The Node Package Manager (npm) is a command-line tool used by developers to share and control modules (or packages) of JavaScript code written for use with Node.js.When starting a new project, npm generates a package.json file. This file lists the package dependencies for your project. Since npm packages are regularly updated, the package.json file allows you to set specific version numbers for each dependency. This ensures that updates to a package don't break your project.npm saves packages in a folder named node_modules. These packages can be installed in two ways:

  1. globally in a root node_modules folder, accessible by all projects.
  2. locally within a project's own node_modules folder, accessible only to that project.

package.json

The package.json file is the center of any Node.js project or npm package. It stores information about your project, similar to how the section of an HTML document describes the content of a webpage. It consists of a single JSON object where information is stored in key-value pairs.
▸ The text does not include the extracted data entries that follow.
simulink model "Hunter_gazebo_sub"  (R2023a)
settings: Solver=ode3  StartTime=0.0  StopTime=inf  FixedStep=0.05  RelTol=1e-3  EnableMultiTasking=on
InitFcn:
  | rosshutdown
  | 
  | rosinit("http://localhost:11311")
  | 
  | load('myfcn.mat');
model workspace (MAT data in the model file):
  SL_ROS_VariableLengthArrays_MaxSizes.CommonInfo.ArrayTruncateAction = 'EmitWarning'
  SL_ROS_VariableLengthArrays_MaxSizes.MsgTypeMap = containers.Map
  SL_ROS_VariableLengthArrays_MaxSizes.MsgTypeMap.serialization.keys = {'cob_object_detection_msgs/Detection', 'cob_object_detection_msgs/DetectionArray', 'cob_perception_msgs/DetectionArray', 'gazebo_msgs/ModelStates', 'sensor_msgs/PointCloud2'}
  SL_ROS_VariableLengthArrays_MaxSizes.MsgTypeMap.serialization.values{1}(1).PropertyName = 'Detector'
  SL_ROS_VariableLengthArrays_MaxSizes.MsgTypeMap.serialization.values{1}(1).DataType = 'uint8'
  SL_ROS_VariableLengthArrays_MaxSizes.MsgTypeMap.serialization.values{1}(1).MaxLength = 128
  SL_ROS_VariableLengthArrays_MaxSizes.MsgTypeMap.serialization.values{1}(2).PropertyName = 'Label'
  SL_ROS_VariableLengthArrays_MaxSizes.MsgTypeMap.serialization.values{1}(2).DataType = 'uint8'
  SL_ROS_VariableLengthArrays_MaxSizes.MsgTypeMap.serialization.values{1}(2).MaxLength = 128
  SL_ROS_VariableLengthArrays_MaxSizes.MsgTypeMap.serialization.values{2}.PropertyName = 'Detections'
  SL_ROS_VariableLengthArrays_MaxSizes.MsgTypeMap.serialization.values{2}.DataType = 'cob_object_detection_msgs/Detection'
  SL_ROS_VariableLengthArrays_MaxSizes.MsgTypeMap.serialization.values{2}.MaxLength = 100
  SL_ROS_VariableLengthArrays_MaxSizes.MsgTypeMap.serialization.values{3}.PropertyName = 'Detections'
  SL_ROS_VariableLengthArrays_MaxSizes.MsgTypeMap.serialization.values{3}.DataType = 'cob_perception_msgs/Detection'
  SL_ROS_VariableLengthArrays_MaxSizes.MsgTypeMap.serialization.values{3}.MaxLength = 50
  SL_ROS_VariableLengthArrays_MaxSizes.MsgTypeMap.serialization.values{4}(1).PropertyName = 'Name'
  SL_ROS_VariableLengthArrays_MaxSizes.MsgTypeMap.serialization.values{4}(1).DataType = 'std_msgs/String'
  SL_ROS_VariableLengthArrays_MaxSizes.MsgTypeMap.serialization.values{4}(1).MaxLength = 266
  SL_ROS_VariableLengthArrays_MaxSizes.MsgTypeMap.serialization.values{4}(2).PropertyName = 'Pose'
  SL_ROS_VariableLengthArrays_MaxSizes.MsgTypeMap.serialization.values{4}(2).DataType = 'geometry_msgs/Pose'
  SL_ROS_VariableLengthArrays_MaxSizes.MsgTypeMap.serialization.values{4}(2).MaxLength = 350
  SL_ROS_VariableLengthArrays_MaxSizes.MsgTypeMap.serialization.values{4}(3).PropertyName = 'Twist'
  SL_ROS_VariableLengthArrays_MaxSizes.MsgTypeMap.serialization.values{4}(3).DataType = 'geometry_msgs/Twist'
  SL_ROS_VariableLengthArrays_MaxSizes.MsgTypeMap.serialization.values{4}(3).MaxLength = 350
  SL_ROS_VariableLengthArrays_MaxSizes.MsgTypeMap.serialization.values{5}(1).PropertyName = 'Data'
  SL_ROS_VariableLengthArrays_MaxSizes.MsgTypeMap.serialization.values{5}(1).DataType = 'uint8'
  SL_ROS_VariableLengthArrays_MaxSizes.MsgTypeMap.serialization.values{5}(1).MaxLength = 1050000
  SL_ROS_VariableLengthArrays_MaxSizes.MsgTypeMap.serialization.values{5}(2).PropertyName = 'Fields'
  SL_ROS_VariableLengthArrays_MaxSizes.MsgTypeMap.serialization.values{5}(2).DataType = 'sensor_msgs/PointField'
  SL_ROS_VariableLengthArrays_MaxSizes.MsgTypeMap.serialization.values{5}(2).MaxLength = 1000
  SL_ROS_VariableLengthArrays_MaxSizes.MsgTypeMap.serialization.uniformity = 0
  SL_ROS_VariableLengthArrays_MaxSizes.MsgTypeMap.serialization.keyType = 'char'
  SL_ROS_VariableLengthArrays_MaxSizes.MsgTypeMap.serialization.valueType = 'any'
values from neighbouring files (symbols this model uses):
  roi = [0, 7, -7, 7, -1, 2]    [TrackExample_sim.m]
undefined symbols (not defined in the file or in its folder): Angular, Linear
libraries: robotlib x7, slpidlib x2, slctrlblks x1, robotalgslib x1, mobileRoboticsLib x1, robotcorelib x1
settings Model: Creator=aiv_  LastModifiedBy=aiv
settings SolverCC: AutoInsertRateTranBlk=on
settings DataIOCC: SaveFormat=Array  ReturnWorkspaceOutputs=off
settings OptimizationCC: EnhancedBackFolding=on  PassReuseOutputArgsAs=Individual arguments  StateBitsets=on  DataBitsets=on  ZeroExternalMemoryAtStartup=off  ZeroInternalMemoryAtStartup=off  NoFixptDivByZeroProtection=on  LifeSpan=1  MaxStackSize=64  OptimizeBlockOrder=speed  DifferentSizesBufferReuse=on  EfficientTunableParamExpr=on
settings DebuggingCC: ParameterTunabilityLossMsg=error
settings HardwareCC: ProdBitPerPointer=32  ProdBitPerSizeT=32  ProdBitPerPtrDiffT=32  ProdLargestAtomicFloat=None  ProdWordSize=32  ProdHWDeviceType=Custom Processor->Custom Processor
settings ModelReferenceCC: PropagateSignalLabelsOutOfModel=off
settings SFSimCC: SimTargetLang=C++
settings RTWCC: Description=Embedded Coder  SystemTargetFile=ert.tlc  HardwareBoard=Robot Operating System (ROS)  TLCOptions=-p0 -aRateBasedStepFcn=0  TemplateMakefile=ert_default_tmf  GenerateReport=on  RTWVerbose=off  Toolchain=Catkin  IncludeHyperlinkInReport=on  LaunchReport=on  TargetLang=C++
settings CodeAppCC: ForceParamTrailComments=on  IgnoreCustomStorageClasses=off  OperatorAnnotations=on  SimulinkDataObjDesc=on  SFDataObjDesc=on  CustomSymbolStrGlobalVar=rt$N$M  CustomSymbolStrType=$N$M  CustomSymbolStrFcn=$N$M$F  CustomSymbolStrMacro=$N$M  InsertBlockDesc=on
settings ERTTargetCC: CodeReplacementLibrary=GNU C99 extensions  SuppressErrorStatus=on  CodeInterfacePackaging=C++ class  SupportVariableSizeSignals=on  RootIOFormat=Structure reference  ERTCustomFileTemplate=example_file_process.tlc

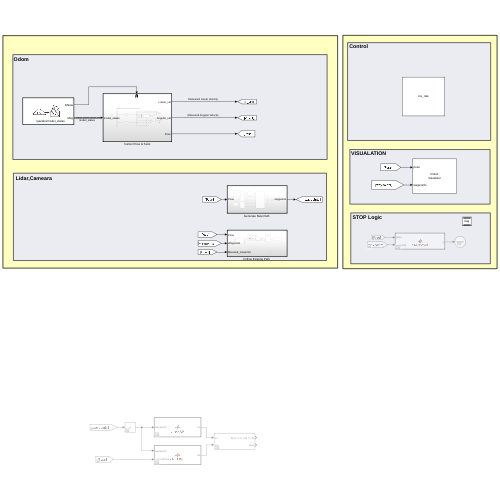
[thumbnail: Simulink's stored preview of the top-level diagram]
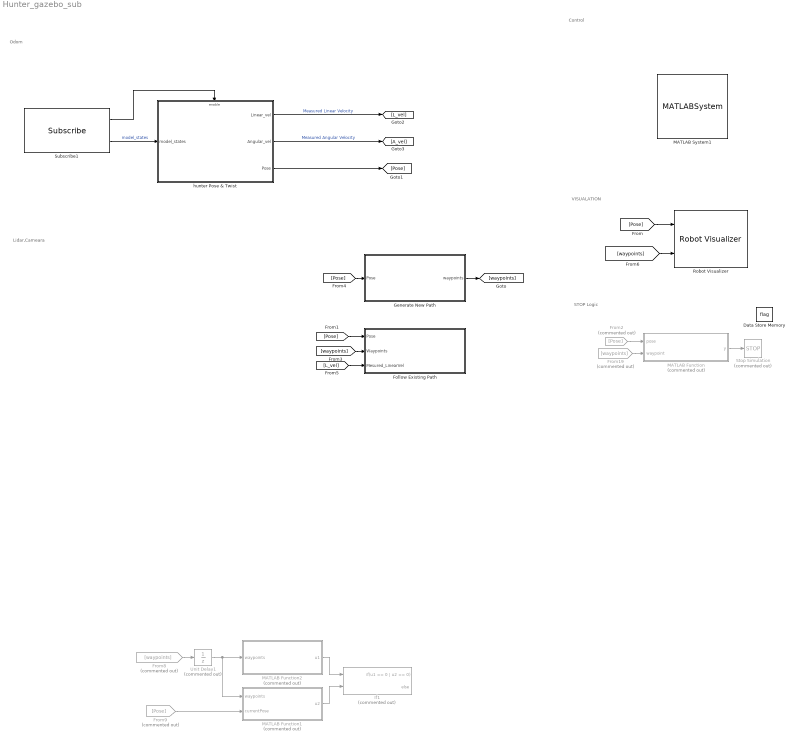
== system Hunter_gazebo_sub ==
  note: VISUALATION
  note: STOP Logic
  note: Odom
  note: Control
  note: Lidar,Cameara
  Data Store Memory : DataStoreMemory  DataStoreName=flag  WriteAfterWriteMsg=warning  ShowAdditionalParam=off  OutDataTypeStr=double
  "Follow Existing Path " : Subsystem  TreatAsAtomicUnit=on
  From19 : From  Commented=on  GotoTag=waypoints
  From2 : From  Commented=on  GotoTag=Pose
  From8 : From  Commented=on  GotoTag=waypoints
  From9 : From  Commented=on  GotoTag=Pose
  "Generate New Path " : Subsystem  TreatAsAtomicUnit=on
  If1 : If  Commented=on  NumInputs=2  IfExpression=u1 == 0 | u2 == 0
  MATLAB Function : MATLAB Function  Commented=on  TreatAsAtomicUnit=on
  MATLAB Function1 : MATLAB Function  Commented=on  TreatAsAtomicUnit=on
  MATLAB Function2 : MATLAB Function  Commented=on  TreatAsAtomicUnit=on
  MATLAB System1 : MATLABSystem  System=ros_rate  RATE=[20]  SimulateUsing=Code generation
      mask Type: ros_rate
      mask Display: disp('ros_rate');
  Robot Visualizer : mobileRoboticsLib/Environments/Robot Visualizer  robotRadius=0  showTrajectory=on  hasWaypoints=on  hasLidar=off  sensorOffset=[ 0, 0 ]  scanAngles=[ -pi/4, 0, pi/4 ]  hasObjDetector=off  objDetectorOffset=[ 0, 0 ]  objDetectorAngle=0  objDetectorFOV=pi/4  objDetectorMaxRange=5  objectColors=[ 1, 0, 0; 0, 1, 0; 0, 0, 1 ]  objectMarkers=s
  Stop Simulation : Stop  Commented=on
  Subscribe1 : robotlib/Subscribe  topicSource=Select from ROS network  topic=/gazebo/model_states  messageType=gazebo_msgs/ModelStates  SampleTime=-1  legacyBusStruct=off  messageQueueLength=1
  Unit Delay1 : UnitDelay  Commented=on  SampleTime=-1  HasFrameUpgradeWarning=on
  hunter Pose & Twist : Subsystem
  wires:
  Subscribe1/1 -> hunter Pose & Twist/Enable
  Subscribe1/2 -> hunter Pose & Twist/1(model_states)  "model_states"
  [waypoints] -> Robot Visualizer/2
  [Pose] -> Robot Visualizer/1
  From2/1 -> MATLAB Function/1(pose)
  MATLAB Function/1(y) -> Stop Simulation/1
  hunter Pose & Twist/1(Linear_vel) -> [L_vel]  "Measured Linear Velocity"
  hunter Pose & Twist/2(Angular_vel) -> [A_vel]  "Measured Angular Velocity"
  From19/1 -> MATLAB Function/2(waypoint)
  [Pose] -> "Generate New Path "/1(Pose)
  "Generate New Path "/1(waypoints) -> [waypoints]
  [Pose] -> "Follow Existing Path "/1(Pose)
  [waypoints] -> "Follow Existing Path "/2(Waypoints)
  [L_vel] -> "Follow Existing Path "/3(Mesured_LinearVel)
  hunter Pose & Twist/3(Pose) -> [Pose]
  MATLAB Function1/1(u2) -> If1/2
  From9/1 -> MATLAB Function1/2(currentPose)
  MATLAB Function2/1(u1) -> If1/1
  Unit Delay1/1 -> MATLAB Function1/1(waypoints), MATLAB Function2/1(waypoints)
  From8/1 -> Unit Delay1/1

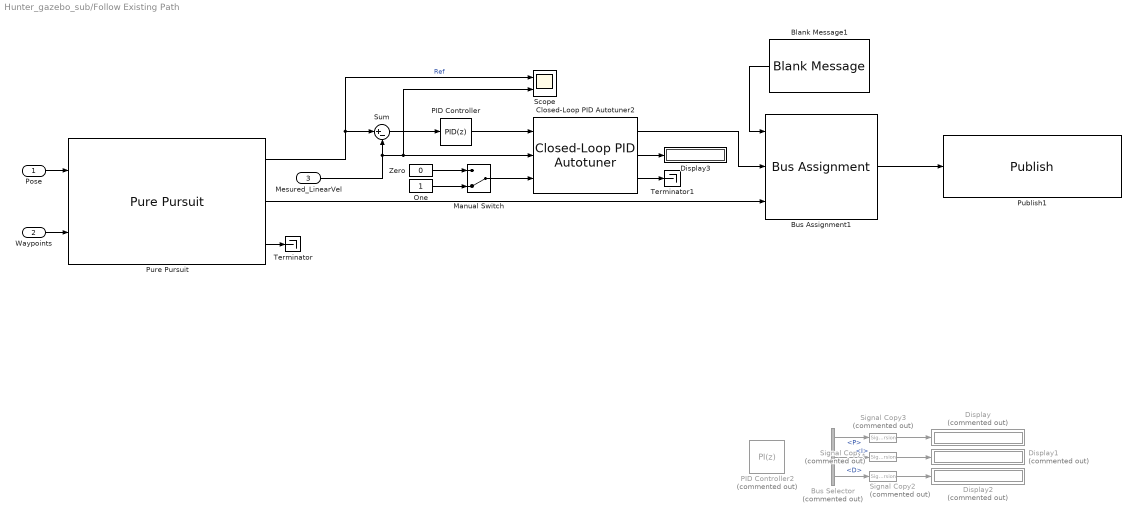
== system Hunter_gazebo_sub/Follow Existing Path  ==
  Pose : Inport
  Waypoints : Inport  Port=2
  Mesured_LinearVel : Inport  Port=3
  Blank Message1 : robotlib/Blank Message  messageClass=Message  entityType=geometry_msgs/Twist  messageType=geometry_msgs/Twist  SampleTime=inf  legacyBusStruct=off
  Bus Assignment1 : BusAssignment  AssignedSignals=Linear.X,Angular.Z
  Bus Selector : BusSelector  Commented=on  OutputSignals=P,I,D
  Closed-Loop PID Autotuner2 : slctrlblks/Closed-Loop PID Autotuner  PIDType=PID  PIDForm=Parallel  TimeDomain=discrete-time  DiscreteTs=0.05  TuningTs=0.2  UseTuningTs=off  IntegratorFormula=Forward Euler  FilterFormula=Forward Euler  ContinuousTs=0.02  Bandwidth=1  UseExternalWC=off  TargetPM=60  UseExternalPM=off  UseExternalAchievedPM=off  ExperimentMode=Superposition  PlantType=Stable  PlantSign=Positive  AmpSine=0.01  UseExternalAmpSine=off  UseExternalFRD=off  UseExternalU0=off  UseCompanion=off  NotDeployTuningModule=off  UsePLCCoder=off  OutputMode=control action + perturbation  BlockDataType=double  UseConnectedPID=on  blockpath=[]  tunedP=0  tunedI=0  tunedD=0  tunedN=100  tunedPM=0  EstimationWindowSize=3  UseExternalTuningParams=off  SingleMultiRateVariant=SingleSamplingRate  NumEstimationPeriods=4  NumSettlingPeriods=2  ExperimentModeVariant=VariantSuperimposed  OutputChoice=VariantCandD
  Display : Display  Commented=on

There are only two required fields; "name" and "version", but it’s good practice to provide additional information about your project that could be useful to future users or maintainers.

{
  "name": "fcc-learn-npm-package-json",
  "dependencies": {
    "express": "^4.14.0"
  },
  "main": "server.js",
  "scripts": {
    "start": "node server.js"
  },
  "engines": {
    "node": "8.11.2"
  },
  "repository": {
    "type": "git",
    "url": "https://idontknow/todo.git"
  },
  "author":"Dhruv Thakur"
}

Semantic Versioning

Versions of the npm packages in the dependencies section of your package.json file follow what’s called Semantic Versioning (SemVer), an industry standard for software versioning aiming to make it easier to manage dependencies. Libraries, frameworks or other tools published on npm should use SemVer in order to clearly communicate what kind of changes projects can expect if they update.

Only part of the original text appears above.